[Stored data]
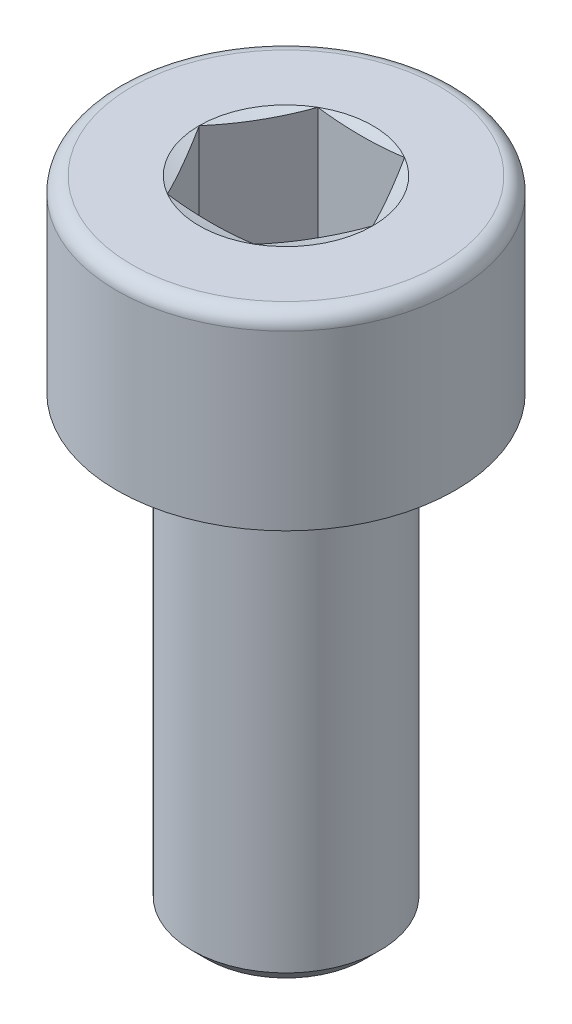
ISO-10303-21;
HEADER;
FILE_DESCRIPTION(('STEP AP214'),'2;1');
FILE_NAME('part.step','',(''),(''),'','','');
FILE_SCHEMA(('AUTOMOTIVE_DESIGN { 1 0 10303 214 1 1 1 1 }'));
ENDSEC;
DATA;
#1=APPLICATION_CONTEXT('core data for automotive mechanical design processes');
#2=APPLICATION_PROTOCOL_DEFINITION('international standard','automotive_design',2000,#1);
#3=PRODUCT_CONTEXT('',#1,'mechanical');
#4=PRODUCT('Part','Part','',(#3));
#5=PRODUCT_RELATED_PRODUCT_CATEGORY('part','',(#4));
#6=PRODUCT_DEFINITION_FORMATION('','',#4);
#7=PRODUCT_DEFINITION_CONTEXT('part definition',#1,'design');
#8=PRODUCT_DEFINITION('design','',#6,#7);
#9=PRODUCT_DEFINITION_SHAPE('','',#8);
#10=(LENGTH_UNIT() NAMED_UNIT(*) SI_UNIT(.MILLI.,.METRE.));
#11=(NAMED_UNIT(*) PLANE_ANGLE_UNIT() SI_UNIT($,.RADIAN.));
#12=(NAMED_UNIT(*) SI_UNIT($,.STERADIAN.) SOLID_ANGLE_UNIT());
#13=UNCERTAINTY_MEASURE_WITH_UNIT(LENGTH_MEASURE(1.E-05),#10,'distance_accuracy_value','');
#14=(GEOMETRIC_REPRESENTATION_CONTEXT(3) GLOBAL_UNCERTAINTY_ASSIGNED_CONTEXT((#13)) GLOBAL_UNIT_ASSIGNED_CONTEXT((#10,
#11,#12)) REPRESENTATION_CONTEXT('',''));
#15=CARTESIAN_POINT('',(0.,0.,0.));
#16=DIRECTION('',(0.,0.,1.));
#17=DIRECTION('',(1.,0.,0.));
#18=AXIS2_PLACEMENT_3D('',#15,#16,#17);
#19=CARTESIAN_POINT('',(-0.577350269189626,0.5,1.));
#20=DIRECTION('',(-0.866025403784439,0.,0.5));
#21=DIRECTION('',(0.5,0.,0.866025403784439));
#22=AXIS2_PLACEMENT_3D('',#19,#20,#21);
#23=PLANE('',#22);
#24=CARTESIAN_POINT('',(-0.577350269189626,2.5,1.));
#25=CARTESIAN_POINT('',(-0.602256905546369,2.4928156948734,0.956860440384478));
#26=CARTESIAN_POINT('',(-0.627233209396661,2.48665993251672,0.913600213130495));
#27=CARTESIAN_POINT('',(-0.677282869012062,2.47629629733561,0.826911659775093));
#28=CARTESIAN_POINT('',(-0.702356208114864,2.47208810385436,0.783483362533635));
#29=CARTESIAN_POINT('',(-0.777414647875531,2.46225168137474,0.653478331331313));
#30=CARTESIAN_POINT('',(-0.827492964204296,2.45934068378329,0.566740143092384));
#31=CARTESIAN_POINT('',(-0.923802752789168,2.46037348534467,0.399926695997169));
#32=CARTESIAN_POINT('',(-0.970035820593886,2.46381057241938,0.319848673569621));
#33=CARTESIAN_POINT('',(-1.03932177179707,2.47367744547349,0.199841885834972));
#34=CARTESIAN_POINT('',(-1.0624605054686,2.47776673103799,0.159764423493068));
#35=CARTESIAN_POINT('',(-1.10865304075022,2.48761182938245,0.0797566054548838));
#36=CARTESIAN_POINT('',(-1.13170682656885,2.49336793760975,0.0398262771102067));
#37=CARTESIAN_POINT('',(-1.15470053837925,2.5,0.));
#38=B_SPLINE_CURVE_WITH_KNOTS('',3,(#24,#25,#26,#27,#28,#29,#30,#31,#32,#33,#34,#35,#36,#37),
.UNSPECIFIED.,.F.,.F.,(4,2,2,2,2,2,4),(0.,0.150960283418929,0.3018957031821,0.602226966634645,
0.879613062899962,1.01895925678016,1.15833016516169),.UNSPECIFIED.);
#39=CARTESIAN_POINT('',(-0.577350269189627,2.5,0.999999999999998));
#40=VERTEX_POINT('',#39);
#41=CARTESIAN_POINT('',(-1.15470053837925,2.5,0.));
#42=VERTEX_POINT('',#41);
#43=EDGE_CURVE('E80',#40,#42,#38,.T.);
#44=ORIENTED_EDGE('',*,*,#43,.F.);
#45=DIRECTION('',(0.,1.,0.));
#46=VECTOR('',#45,1.);
#47=CARTESIAN_POINT('',(-0.577350269189626,0.5,1.));
#48=LINE('',#47,#46);
#49=CARTESIAN_POINT('',(-0.577350269189626,0.5,1.));
#50=VERTEX_POINT('',#49);
#51=EDGE_CURVE('E116',#40,#50,#48,.F.);
#52=ORIENTED_EDGE('',*,*,#51,.T.);
#53=DIRECTION('',(0.5,0.,0.866025403784439));
#54=VECTOR('',#53,1.);
#55=CARTESIAN_POINT('',(-0.577350269189626,0.5,1.));
#56=LINE('',#55,#54);
#57=CARTESIAN_POINT('',(-1.15470053837925,0.5,0.));
#58=VERTEX_POINT('',#57);
#59=EDGE_CURVE('E89',#58,#50,#56,.T.);
#60=ORIENTED_EDGE('',*,*,#59,.F.);
#61=DIRECTION('',(0.,1.,0.));
#62=VECTOR('',#61,1.);
#63=CARTESIAN_POINT('',(-1.15470053837925,0.5,0.));
#64=LINE('',#63,#62);
#65=EDGE_CURVE('E88',#58,#42,#64,.T.);
#66=ORIENTED_EDGE('',*,*,#65,.T.);
#67=EDGE_LOOP('',(#44,#52,#60,#66));
#68=FACE_BOUND('',#67,.T.);
#69=ADVANCED_FACE('F16',(#68),#23,.F.);
#70=CARTESIAN_POINT('',(-1.15470053837925,0.5,0.));
#71=DIRECTION('',(-0.866025403784439,0.,-0.5));
#72=DIRECTION('',(-0.5,0.,0.866025403784439));
#73=AXIS2_PLACEMENT_3D('',#70,#71,#72);
#74=PLANE('',#73);
#75=CARTESIAN_POINT('',(-1.15470053837925,2.5,0.));
#76=CARTESIAN_POINT('',(-1.12979390202251,2.4928156948734,-0.0431395596155219));
#77=CARTESIAN_POINT('',(-1.10481759817222,2.48665993251672,-0.086399786869505));
#78=CARTESIAN_POINT('',(-1.05476793855682,2.47629629733561,-0.173088340224907));
#79=CARTESIAN_POINT('',(-1.02969459945401,2.47208810385436,-0.216516637466365));
#80=CARTESIAN_POINT('',(-0.954636159693347,2.46225168137474,-0.346521668668687));
#81=CARTESIAN_POINT('',(-0.904557843364582,2.45934068378329,-0.433259856907615));
#82=CARTESIAN_POINT('',(-0.80824805477971,2.46037348534467,-0.600073304002831));
#83=CARTESIAN_POINT('',(-0.762014986974992,2.46381057241938,-0.680151326430379));
#84=CARTESIAN_POINT('',(-0.69272903577181,2.47367744547349,-0.800158114165028));
#85=CARTESIAN_POINT('',(-0.669590302100274,2.47776673103799,-0.840235576506932));
#86=CARTESIAN_POINT('',(-0.623397766818654,2.48761182938245,-0.920243394545117));
#87=CARTESIAN_POINT('',(-0.600343981000024,2.49336793760975,-0.960173722889794));
#88=CARTESIAN_POINT('',(-0.577350269189626,2.5,-1.));
#89=B_SPLINE_CURVE_WITH_KNOTS('',3,(#75,#76,#77,#78,#79,#80,#81,#82,#83,#84,#85,#86,#87,#88),
.UNSPECIFIED.,.F.,.F.,(4,2,2,2,2,2,4),(0.,0.150960283418929,0.3018957031821,0.602226966634645,
0.879613062899962,1.01895925678016,1.15833016516169),.UNSPECIFIED.);
#90=CARTESIAN_POINT('',(-0.577350269189623,2.5,-1.));
#91=VERTEX_POINT('',#90);
#92=EDGE_CURVE('E95',#42,#91,#89,.T.);
#93=ORIENTED_EDGE('',*,*,#92,.F.);
#94=ORIENTED_EDGE('',*,*,#65,.F.);
#95=DIRECTION('',(0.5,0.,-0.866025403784439));
#96=VECTOR('',#95,1.);
#97=CARTESIAN_POINT('',(-1.15470053837925,0.5,0.));
#98=LINE('',#97,#96);
#99=CARTESIAN_POINT('',(-0.577350269189626,0.5,-1.));
#100=VERTEX_POINT('',#99);
#101=EDGE_CURVE('E227',#58,#100,#98,.T.);
#102=ORIENTED_EDGE('',*,*,#101,.T.);
#103=DIRECTION('',(0.,1.,0.));
#104=VECTOR('',#103,1.);
#105=CARTESIAN_POINT('',(-0.577350269189626,0.5,-1.));
#106=LINE('',#105,#104);
#107=EDGE_CURVE('E114',#100,#91,#106,.T.);
#108=ORIENTED_EDGE('',*,*,#107,.T.);
#109=EDGE_LOOP('',(#93,#94,#102,#108));
#110=FACE_BOUND('',#109,.T.);
#111=ADVANCED_FACE('F112',(#110),#74,.F.);
#112=CARTESIAN_POINT('',(0.577350269189626,0.5,1.));
#113=DIRECTION('',(0.,0.,1.));
#114=DIRECTION('',(1.,0.,0.));
#115=AXIS2_PLACEMENT_3D('',#112,#113,#114);
#116=PLANE('',#115);
#117=CARTESIAN_POINT('',(0.577350269189626,2.5,0.999999999999999));
#118=CARTESIAN_POINT('',(0.527536996476139,2.4928156948734,1.));
#119=CARTESIAN_POINT('',(0.477584388775556,2.48665993251672,1.));
#120=CARTESIAN_POINT('',(0.377485069544755,2.47629629733561,1.));
#121=CARTESIAN_POINT('',(0.327338391339149,2.47208810385436,1.));
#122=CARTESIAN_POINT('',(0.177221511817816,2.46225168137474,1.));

**Problem requirements**
Read through the records above and copy the lines that contain "VECTOR".

**Task response**
#46=VECTOR('',#45,1.);
#54=VECTOR('',#53,1.);
#62=VECTOR('',#61,1.);
#96=VECTOR('',#95,1.);
#104=VECTOR('',#103,1.);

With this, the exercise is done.